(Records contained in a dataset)
↓↓↓

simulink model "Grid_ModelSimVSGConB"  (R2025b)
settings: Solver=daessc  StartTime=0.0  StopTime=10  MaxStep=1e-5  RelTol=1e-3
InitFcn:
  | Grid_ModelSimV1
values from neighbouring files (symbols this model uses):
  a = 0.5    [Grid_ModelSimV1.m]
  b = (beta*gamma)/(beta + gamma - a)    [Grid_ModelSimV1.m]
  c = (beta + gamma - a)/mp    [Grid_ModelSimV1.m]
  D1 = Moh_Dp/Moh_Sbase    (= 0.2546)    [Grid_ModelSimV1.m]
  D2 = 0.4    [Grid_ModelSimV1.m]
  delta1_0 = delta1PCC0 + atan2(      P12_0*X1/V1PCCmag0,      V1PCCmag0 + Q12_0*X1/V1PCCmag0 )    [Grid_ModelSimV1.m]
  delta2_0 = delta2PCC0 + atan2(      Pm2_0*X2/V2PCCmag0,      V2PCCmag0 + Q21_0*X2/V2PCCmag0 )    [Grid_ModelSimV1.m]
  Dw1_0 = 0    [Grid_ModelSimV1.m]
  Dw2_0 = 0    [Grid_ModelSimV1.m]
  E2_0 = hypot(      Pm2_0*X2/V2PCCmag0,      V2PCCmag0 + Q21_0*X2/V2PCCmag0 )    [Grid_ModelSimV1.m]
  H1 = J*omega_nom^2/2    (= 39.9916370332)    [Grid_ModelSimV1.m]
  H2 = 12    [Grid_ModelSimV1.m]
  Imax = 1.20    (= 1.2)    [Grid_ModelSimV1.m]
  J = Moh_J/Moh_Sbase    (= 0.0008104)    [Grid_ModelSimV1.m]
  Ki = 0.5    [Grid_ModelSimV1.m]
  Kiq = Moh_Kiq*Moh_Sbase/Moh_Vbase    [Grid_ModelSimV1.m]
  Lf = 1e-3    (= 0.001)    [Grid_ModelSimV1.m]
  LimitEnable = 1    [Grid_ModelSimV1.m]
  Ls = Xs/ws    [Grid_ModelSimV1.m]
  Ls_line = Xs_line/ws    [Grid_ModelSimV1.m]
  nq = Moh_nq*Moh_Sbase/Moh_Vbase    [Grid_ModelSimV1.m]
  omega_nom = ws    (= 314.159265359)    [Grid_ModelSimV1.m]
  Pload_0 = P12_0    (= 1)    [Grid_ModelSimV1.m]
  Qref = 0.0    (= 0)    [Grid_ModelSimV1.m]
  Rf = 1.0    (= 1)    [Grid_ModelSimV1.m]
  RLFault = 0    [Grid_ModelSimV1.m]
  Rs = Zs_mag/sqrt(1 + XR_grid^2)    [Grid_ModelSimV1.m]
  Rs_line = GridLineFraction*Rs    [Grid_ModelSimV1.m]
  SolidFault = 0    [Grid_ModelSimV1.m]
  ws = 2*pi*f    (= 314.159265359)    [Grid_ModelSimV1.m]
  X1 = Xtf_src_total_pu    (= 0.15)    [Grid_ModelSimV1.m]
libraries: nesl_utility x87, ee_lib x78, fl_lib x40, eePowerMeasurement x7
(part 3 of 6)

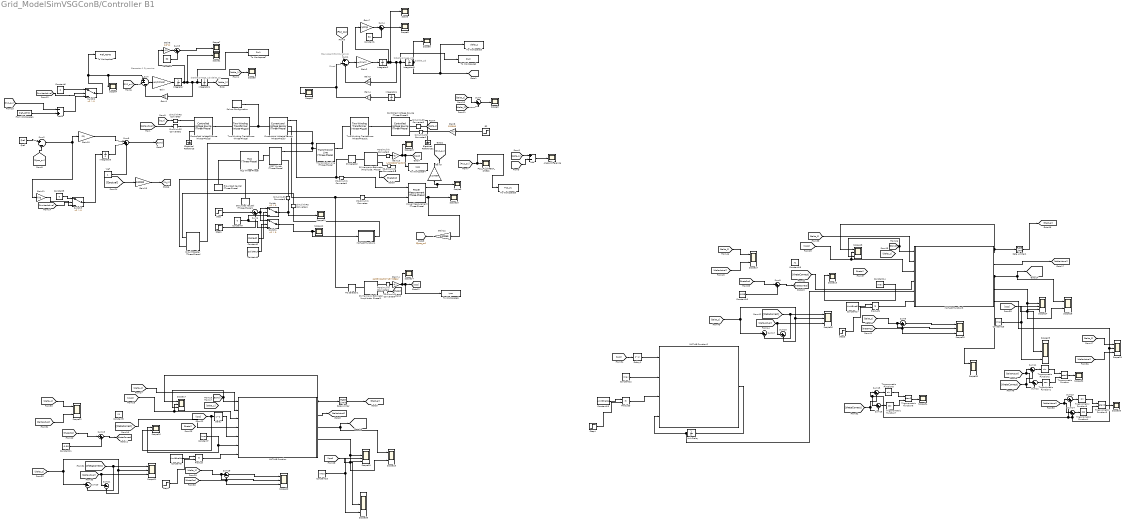
== system Grid_ModelSimVSGConB/Controller B1 ==
  note: Pload
  note: Equivalent Grid Dynamics
  note: $\delta_1$
  note: $\Delta\omega_1$
  note: Generator 1 Dynamics
  note: $\Delta\omega_2$
  note: $\delta_2$
  Add : Sum  Inputs=+-
  Add3 : Sum  Inputs=-+
  Angle Difference : Scope
      settings: ActiveDisplayYMinimum=-1797.079300536021  ActiveDisplayYMaximum=1392.8706624711849  DataLoggingVariableName=ScopeData11
  Circuit Breaker (Three-Phase) : ee_lib/Switches & Breakers/Circuit Breaker (Three-Phase)  R_closed=0.001 Ohm  G_open=1e-6 1/Ohm  threshold=0.5 V  breaker_behavior=ee.enum.switches.breakerBehavior.zeroCrossingEnable
      settings: InternalSimscapePortConfiguration="{\"Bottom\":[],\"Left\":[{\"id\":\"vT\",\"label\":\"vT\",\"type\":\"input\"},{\"id\":\"N1\",\"label\":\"~1\",\"type\":\"foundation.electrical.three_phase\"}],\"Right\":[{\"id\":\"N2\",\"label\":\"~2\",\"type\":\"foundation.electrical.three_phase\"}],\"Top\":[]}"
  Constant : Constant  Value=50
  Constant1 : Constant  Value=50
  Constant{7,10,12,14..15} (5 alike) : Constant  Value=Imax
  Constant11 : Constant  Value=-0.58
  Constant13 : Constant  Value=LimitEnable
  Constant16 : Constant  Value=-0.58
  Constant17 : Constant  Value=LimitEnable
  Constant18 : Constant  Value=X1
  Constant2 : Constant  Value=RLFault
  Constant3 : Constant  Value=SolidFault
  Constant4 : Constant  Value=0
  Constant5 : Constant  Value=0
  Constant6 : Constant  Value=0
  Constant8 : Constant  Value=LimitEnable
  Constant9 : Constant  Value=X1
  Controlled Voltage Source (Three-Phase) : ee_lib/Sources/Controlled Voltage Source (Three-Phase)  input_option=ee.enum.inputType.singleFreqAC  FRated=50 Hz
      settings: InternalSimscapePortConfiguration="{\"Bottom\":[],\"Left\":[{\"id\":\"Vt\",\"label\":\"Vt\",\"type\":\"input\"},{\"id\":\"ph\",\"label\":\"ph\",\"type\":\"input\"},{\"id\":\"n\",\"label\":\"n\",\"type\":\"foundation.electrical.electrical\"}],\"Right\":[{\"id\":\"N\",\"label\":\"~\",\"type\":\"foundation.electrical.three_phase\"}],\"Top\":[]}"
  Controlled Voltage Source (Three-Phase)1 : ee_lib/Sources/Controlled Voltage Source (Three-Phase)  input_option=ee.enum.inputType.singleFreqAC  FRated=50 Hz
      settings: InternalSimscapePortConfiguration="{\"Bottom\":[],\"Left\":[{\"id\":\"Vt\",\"label\":\"Vt\",\"type\":\"input\"},{\"id\":\"ph\",\"label\":\"ph\",\"type\":\"input\"},{\"id\":\"n\",\"label\":\"n\",\"type\":\"foundation.electrical.electrical\"}],\"Right\":[{\"id\":\"N\",\"label\":\"~\",\"type\":\"foundation.electrical.three_phase\"}],\"Top\":[]}"
  Current and Voltage Sensor (Three-Phase) : ee_lib/Sensors & Transducers/Current and Voltage Sensor (Three-Phase)  vMeasurementType=ee.enum.vmeasurement.ll  outputUnit=ee.enum.unit.si  SRated=100e6 A*V  VRated=24e3 V  I_specify=off  I_priority=None  I=[0, 0, 0] A  I_nominal_specify=off  I_nominal_value=1  I_nominal_unit=A  V_specify=off  V_priority=None  V=[0, 0, 0] V  V_nominal_specify=off  V_nominal_value=1  V_nominal_unit=V
      settings: InternalSimscapePortConfiguration="{\"Bottom\":[],\"Left\":[{\"id\":\"N1\",\"label\":\"~1\",\"type\":\"foundation.electrical.three_phase\"}],\"Right\":[{\"id\":\"V_output\",\"label\":\"V\",\"type\":\"output\"},{\"id\":\"I_output\",\"label\":\"I\",\"type\":\"output\"},{\"id\":\"N2\",\"label\":\"~2\",\"type\":\"foundation.electrical.three_phase\"}],\"Top\":[]}"
  Delay : Delay  InitialCondition=1  SampleTime=1e-4
  Delay1 : Delay  InitialCondition=1  SampleTime=1e-4
  E2 : Step  Before=E2_0  After=E2_0  SampleTime=0
  Electrical Reference : fl_lib/Electrical/Electrical Elements/Electrical Reference
  Electrical Reference1 : fl_lib/Electrical/Electrical Elements/Electrical Reference
  From Workspace1 : FromWorkspace  VariableName=Pref_AEMO  Interpolate=off  OutputAfterFinalValue=Holding final value
  Gain : Gain  Gain=ws/(2*H1)
  Gain1 : Gain  Gain=D1
  Gain10 : Gain  Gain=nq
  Gain11 : Gain  Gain=Kiq
  Gain12 : Gain  Gain=1/100e6
  Gain13 : Gain  Gain=1/(132000*sqrt(2))
  Gain14 : Gain  Gain=sqrt(3)/(sqrt(2)*437.3866)
  Gain15 : Gain  Gain=132000
  Gain2 : Gain  Gain=ws/(2*H2)
  Gain3 : Gain  Gain=D2
  Gain4 : Gain  Gain=Ki
  Gain5 : Gain  Gain=1/100e6
  Gain6 : Gain  Gain=1/2*pi
  Gain7 : Gain  Gain=1/2*pi
  Gain8 : Gain  Gain=132000
  Grounded Neutral (Three-Phase) : ee_lib/Connectors & References/Grounded Neutral (Three-Phase)
  Grounded Neutral (Three-Phase)1 : ee_lib/Connectors & References/Grounded Neutral (Three-Phase)
  Integrator : Integrator  InitialCondition=Dw1_0
  Integrator1 : Integrator  InitialCondition=delta1_0
  Integrator2 : Integrator  InitialCondition=Dw2_0
  Integrator3 : Integrator  InitialCondition=delta2_0
  Integrator4 : Integrator  InitialCondition=Pload_0/Ki
  Integrator5 : Integrator
  MATLAB Function : MATLAB Function  TreatAsAtomicUnit=on
  MATLAB Function1 : MATLAB Function  TreatAsAtomicUnit=on
  MATLAB Function2 : MATLAB Function  TreatAsAtomicUnit=on
  MATLAB Function3 : MATLAB Function  TreatAsAtomicUnit=on
  P12_PU_DIRECT_CHECK : Scope
      settings: ActiveDisplayYMinimum=0.025769954116994787  ActiveDisplayYMaximum=1.1382760295145928  DataLoggingVariableName=ScopeData3
  "PS Harmonic Estimator (Amplitude, Phase)" : fl_lib/Physical Signals/Periodic Operators/PS Harmonic Estimator (Amplitude, Phase)  f0=50 Hz  n=1  amplMin=0.001 V
      settings: InternalSimscapePortConfiguration="{\"Bottom\":[],\"Left\":[{\"id\":\"I\",\"label\":\"I\",\"type\":\"input\"}],\"Right\":[{\"id\":\"A\",\"label\":\"A\",\"type\":\"output\"},{\"id\":\"Phi\",\"label\":\"Phi\",\"type\":\"output\"}],\"Top\":[]}"
  "PS Harmonic Estimator (Amplitude, Phase)1" : fl_lib/Physical Signals/Periodic Operators/PS Harmonic Estimator (Amplitude, Phase)  f0=50 Hz  n=1  amplMin=0.001 A
      settings: InternalSimscapePortConfiguration="{\"Bottom\":[],\"Left\":[{\"id\":\"I\",\"label\":\"I\",\"type\":\"input\"}],\"Right\":[{\"id\":\"A\",\"label\":\"A\",\"type\":\"output\"},{\"id\":\"Phi\",\"label\":\"Phi\",\"type\":\"output\"}],\"Top\":[]}"
  PS Selector : fl_lib/Physical Signals/Nonlinear Operators/PS Selector  ix=1
      settings: InternalSimscapePortConfiguration="{\"Bottom\":[],\"Left\":[{\"id\":\"I\",\"label\":\"\",\"type\":\"input\"}],\"Right\":[{\"id\":\"O\",\"label\":\"\",\"type\":\"output\"}],\"Top\":[]}"
  PS Selector1 : fl_lib/Physical Signals/Nonlinear Operators/PS Selector  ix=1
      settings: InternalSimscapePortConfiguration="{\"Bottom\":[],\"Left\":[{\"id\":\"I\",\"label\":\"\",\"type\":\"input\"}],\"Right\":[{\"id\":\"O\",\"label\":\"\",\"type\":\"output\"}],\"Top\":[]}"
  PS-Simulink Converter{,1..5} (6 alike) : nesl_utility/PS-Simulink Converter  PhysicalDomain=network_engine_domain  SubClassName=ps_output  LeftPortType=input  RightPortType=output  PseudoPeriodic=off  Frequencies=[]  VectorFormat=inherit  Unit=inherit  AffineConversion=off
  Power Measurement (Three-Phase) : eePowerMeasurement/Power Measurement (Three-Phase)  LabelModeActiveChoice=Continuous  F=50  K=1  Seq=Positive  Ts=0
  Product : Product
  Product1 : Product
  Product3 : Product
  Qref : Constant  Value=Qref
  RLC (Three-Phase) : ee_lib/Passive/RLC Assemblies/RLC (Three-Phase)  port_option=ee.enum.threePhasePort.composite  component_structure=ee.enum.rlc.structure.SeriesRL  R=Rf Ohm  L=Lf H  C=1e-6 F  R_parasitic=0 Ohm  G_parasitic=0 1/Ohm  IL_specify=off  IL_priority=High  IL=[0, 0, 0] A  IL_nominal_specify=off  IL_nominal_value=1  IL_nominal_unit=A  VC_specify=off  VC_priority=High  VC=[0, 0, 0] V  VC_nominal_specify=off  VC_nominal_value=1  VC_nominal_unit=V
      settings: InternalSimscapePortConfiguration="{\"Bottom\":[],\"Left\":[{\"id\":\"N1\",\"label\":\"~1\",\"type\":\"foundation.electrical.three_phase\"}],\"Right\":[{\"id\":\"N2\",\"label\":\"~2\",\"type\":\"foundation.electrical.three_phase\"}],\"Top\":[]}"
  Rate Limiter : RateLimiter  RisingSlewLimit=5  FallingSlewLimit=-1000  SampleTimeMode=inherited
  Rate Limiter1 : RateLimiter  RisingSlewLimit=5  FallingSlewLimit=-1000  SampleTimeMode=inherited
  SPST Switch (Three-Phase) : ee_lib/Switches & Breakers/SPST Switch (Three-Phase)  R_closed=0.001 Ohm  G_open=1e-6 1/Ohm  threshold=0.5 V  i_vT_specify=off  i_vT_priority=None  i_vT=0 A  i_vT_nominal_specify=off  i_vT_nominal_value=1  i_vT_nominal_unit=A  I_specify=off  I_priority=None  I=[0, 0, 0] A  I_nominal_specify=off  I_nominal_value=1  I_nominal_unit=A  V_specify=off  V_priority=None  V=[0, 0, 0] V  V_nominal_specify=off  V_nominal_value=1  V_nominal_unit=V  i_a_specify=off  i_a_priority=None  i_a=0 A  i_a_nominal_specify=off  i_a_nominal_value=1  i_a_nominal_unit=A  v_a_specify=off  v_a_priority=None  v_a=0 V  v_a_nominal_specify=off  v_a_nominal_value=1  v_a_nominal_unit=V  i_b_specify=off  i_b_priority=None  i_b=0 A  i_b_nominal_specify=off  i_b_nominal_value=1  i_b_nominal_unit=A  v_b_specify=off  v_b_priority=None  v_b=0 V  v_b_nominal_specify=off  v_b_nominal_value=1  v_b_nominal_unit=V  i_c_specify=off  i_c_priority=None  i_c=0 A  i_c_nominal_specify=off  i_c_nominal_value=1  i_c_nominal_unit=A  v_c_specify=off  v_c_priority=None  v_c=0 V  v_c_nominal_specify=off  v_c_nominal_value=1  v_c_nominal_unit=V
      settings: InternalSimscapePortConfiguration="{\"Bottom\":[],\"Left\":[{\"id\":\"vT\",\"label\":\"vT\",\"type\":\"input\"},{\"id\":\"N1\",\"label\":\"~1\",\"type\":\"foundation.electrical.three_phase\"}],\"Right\":[{\"id\":\"N2\",\"label\":\"~2\",\"type\":\"foundation.electrical.three_phase\"}],\"Top\":[]}"
  Scope{,1..14,32..34} (18 alike) : Scope
      Scope10 settings: ActiveDisplayYMinimum=-7.0875379074731711E+6  ActiveDisplayYMaximum=3.5866343126415364E+7  DataLoggingVariableName=ScopeData10
      Scope11 settings: ActiveDisplayYMinimum=-1  ActiveDisplayYMaximum=1  DataLoggingVariableName=ScopeData12
      Scope12 settings: ActiveDisplayYMinimum=-0.099895670318205565  ActiveDisplayYMaximum=1.090580520157985  DataLoggingVariableName=ScopeData13
      Scope13 settings: ActiveDisplayYMinimum=-2.5658886223026931  ActiveDisplayYMaximum=3.94553749363296  DataLoggingVariableName=ScopeData17
      Scope14 settings: ActiveDisplayYMinimum=-1.0313612715858387  ActiveDisplayYMaximum=9.28225144427255  DataLoggingVariableName=ScopeData49
      Scope2 settings: ActiveDisplayYMinimum=-1.1623447136135812  ActiveDisplayYMaximum=1.3781315704633705  DataLoggingVariableName=ScopeData2
      Scope3 settings: ActiveDisplayYMinimum=-6.9165953549105517  ActiveDisplayYMaximum=7.2970312476918844  DataLoggingVariableName=ScopeData23
      Scope32 settings: ActiveDisplayYMinimum=-3.9269892876580919  ActiveDisplayYMaximum=3.9269891159141448  DataLoggingVariableName=ScopeData60
      Scope33 settings: ActiveDisplayYMinimum=-1  ActiveDisplayYMaximum=1  DataLoggingVariableName=ScopeData61
      Scope34 settings: ActiveDisplayYMinimum=-1.4401977699145856  ActiveDisplayYMaximum=2.6200072427590877  DataLoggingVariableName=ScopeData62
      Scope4 settings: ActiveDisplayYMinimum=-0.10712539123630682  ActiveDisplayYMaximum=1.1397496087636934  DataLoggingVariableName=ScopeData4
      Scope5 settings: ActiveDisplayYMinimum=-0.5315157226665419  ActiveDisplayYMaximum=2.1795261958257051  DataLoggingVariableName=ScopeData5
      Scope6 settings: DataLoggingVariableName=ScopeData6
      Scope7 settings: ActiveDisplayYMinimum=49.687624753361064  ActiveDisplayYMaximum=50.693198364995283  DataLoggingVariableName=ScopeData7
      Scope8 settings: ActiveDisplayYMinimum=49.92788610274394  ActiveDisplayYMaximum=50.170097472488152  DataLoggingVariableName=ScopeData8
      Scope9 settings: ActiveDisplayYMinimum=-1.0746752531857479E+8  ActiveDisplayYMaximum=3.4916793473002666E+8  DataLoggingVariableName=ScopeData9
  Scope{15..16,22..23,27..28,30} (7 alike) : Scope  NumInputPorts=2
      Scope15 settings: ActiveDisplayYMinimum=-1.1863011737345548  ActiveDisplayYMaximum=10.676710563610996  DataLoggingVariableName=ScopeData50
      Scope16 settings: ActiveDisplayYMinimum=-1.1863011737345548  ActiveDisplayYMaximum=10.676710563610996  DataLoggingVariableName=ScopeData63
      Scope22 settings: ActiveDisplayYMinimum=-0.789059573220128  ActiveDisplayYMaximum=0.68498191992001933  DataLoggingVariableName=ScopeData68
      Scope23 settings: ActiveDisplayYMinimum=-0.12499999999999997  ActiveDisplayYMaximum=1.125  DataLoggingVariableName=ScopeData69
      Scope27 settings: ActiveDisplayYMinimum=-3.7225747393161841  ActiveDisplayYMaximum=4.13168438536474  DataLoggingVariableName=ScopeData55
      Scope28 settings: ActiveDisplayYMinimum=-0.12499999999999997  ActiveDisplayYMaximum=1.125  DataLoggingVariableName=ScopeData56
      Scope30 settings: ActiveDisplayYMinimum=-0.12499999999999997  ActiveDisplayYMaximum=1.125  DataLoggingVariableName=ScopeData58
  Scope{17..18,20..21,25..26,29,31,35} (9 alike) : Scope  NumInputPorts=3
      Scope17 settings: ActiveDisplayYMinimum=-0.15152887647529475  ActiveDisplayYMaximum=1.3637598882776532  DataLoggingVariableName=ScopeData64
      Scope18 settings: ActiveDisplayYMinimum=-0.12862546618818504  ActiveDisplayYMaximum=1.1576291956936657  DataLoggingVariableName=ScopeData51
      Scope20 settings: ActiveDisplayYMinimum=-2.6035343832796971  ActiveDisplayYMaximum=9.8526279409331341  DataLoggingVariableName=ScopeData66
      Scope21 settings: ActiveDisplayYMinimum=-2.7720251649113785  ActiveDisplayYMaximum=1.647845241487004  DataLoggingVariableName=ScopeData67
      Scope25 settings: ActiveDisplayYMinimum=-2.6035343832796971  ActiveDisplayYMaximum=9.8526279409331341  DataLoggingVariableName=ScopeData53
      Scope26 settings: ActiveDisplayYMinimum=-2.7720251649113785  ActiveDisplayYMaximum=1.647845241487004  DataLoggingVariableName=ScopeData54
      Scope29 settings: ActiveDisplayYMinimum=-0.5707391589619073  ActiveDisplayYMaximum=5.1366524306571666  DataLoggingVariableName=ScopeData57
      Scope31 settings: ActiveDisplayYMinimum=-2.7504004579249388  ActiveDisplayYMaximum=0.52931298913436242  DataLoggingVariableName=ScopeData59
      Scope35 settings: ActiveDisplayYMinimum=-1.0836921534712509  ActiveDisplayYMaximum=9.974041191278685  DataLoggingVariableName=ScopeData70
  Scope19 : Scope  NumInputPorts=4
      settings: ActiveDisplayYMinimum=-0.9517189141745912  ActiveDisplayYMaximum=8.9949029547267862  DataLoggingVariableName=ScopeData65
  Scope24 : Scope  NumInputPorts=4
      settings: ActiveDisplayYMinimum=-0.17065097766172704  ActiveDisplayYMaximum=1.5358587989555437  DataLoggingVariableName=ScopeData52
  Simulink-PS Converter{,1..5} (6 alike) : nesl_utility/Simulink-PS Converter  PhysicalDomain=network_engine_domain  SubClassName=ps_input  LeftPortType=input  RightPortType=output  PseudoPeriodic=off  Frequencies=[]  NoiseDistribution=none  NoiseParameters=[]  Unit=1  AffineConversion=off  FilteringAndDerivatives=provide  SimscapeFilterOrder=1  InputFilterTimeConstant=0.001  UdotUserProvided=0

↑↑↑

What the task asks → Keeping every character as it is, restate the lines above that run from the line with "b = (beta*gamma)/(beta" through the line with "ws = 2*pi*f", both included, and nothing else.

Reply to the exercise →
  b = (beta*gamma)/(beta + gamma - a)    [Grid_ModelSimV1.m]
  c = (beta + gamma - a)/mp    [Grid_ModelSimV1.m]
  D1 = Moh_Dp/Moh_Sbase    (= 0.2546)    [Grid_ModelSimV1.m]
  D2 = 0.4    [Grid_ModelSimV1.m]
  delta1_0 = delta1PCC0 + atan2(      P12_0*X1/V1PCCmag0,      V1PCCmag0 + Q12_0*X1/V1PCCmag0 )    [Grid_ModelSimV1.m]
  delta2_0 = delta2PCC0 + atan2(      Pm2_0*X2/V2PCCmag0,      V2PCCmag0 + Q21_0*X2/V2PCCmag0 )    [Grid_ModelSimV1.m]
  Dw1_0 = 0    [Grid_ModelSimV1.m]
  Dw2_0 = 0    [Grid_ModelSimV1.m]
  E2_0 = hypot(      Pm2_0*X2/V2PCCmag0,      V2PCCmag0 + Q21_0*X2/V2PCCmag0 )    [Grid_ModelSimV1.m]
  H1 = J*omega_nom^2/2    (= 39.9916370332)    [Grid_ModelSimV1.m]
  H2 = 12    [Grid_ModelSimV1.m]
  Imax = 1.20    (= 1.2)    [Grid_ModelSimV1.m]
  J = Moh_J/Moh_Sbase    (= 0.0008104)    [Grid_ModelSimV1.m]
  Ki = 0.5    [Grid_ModelSimV1.m]
  Kiq = Moh_Kiq*Moh_Sbase/Moh_Vbase    [Grid_ModelSimV1.m]
  Lf = 1e-3    (= 0.001)    [Grid_ModelSimV1.m]
  LimitEnable = 1    [Grid_ModelSimV1.m]
  Ls = Xs/ws    [Grid_ModelSimV1.m]
  Ls_line = Xs_line/ws    [Grid_ModelSimV1.m]
  nq = Moh_nq*Moh_Sbase/Moh_Vbase    [Grid_ModelSimV1.m]
  omega_nom = ws    (= 314.159265359)    [Grid_ModelSimV1.m]
  Pload_0 = P12_0    (= 1)    [Grid_ModelSimV1.m]
  Qref = 0.0    (= 0)    [Grid_ModelSimV1.m]
  Rf = 1.0    (= 1)    [Grid_ModelSimV1.m]
  RLFault = 0    [Grid_ModelSimV1.m]
  Rs = Zs_mag/sqrt(1 + XR_grid^2)    [Grid_ModelSimV1.m]
  Rs_line = GridLineFraction*Rs    [Grid_ModelSimV1.m]
  SolidFault = 0    [Grid_ModelSimV1.m]
  ws = 2*pi*f    (= 314.159265359)    [Grid_ModelSimV1.m]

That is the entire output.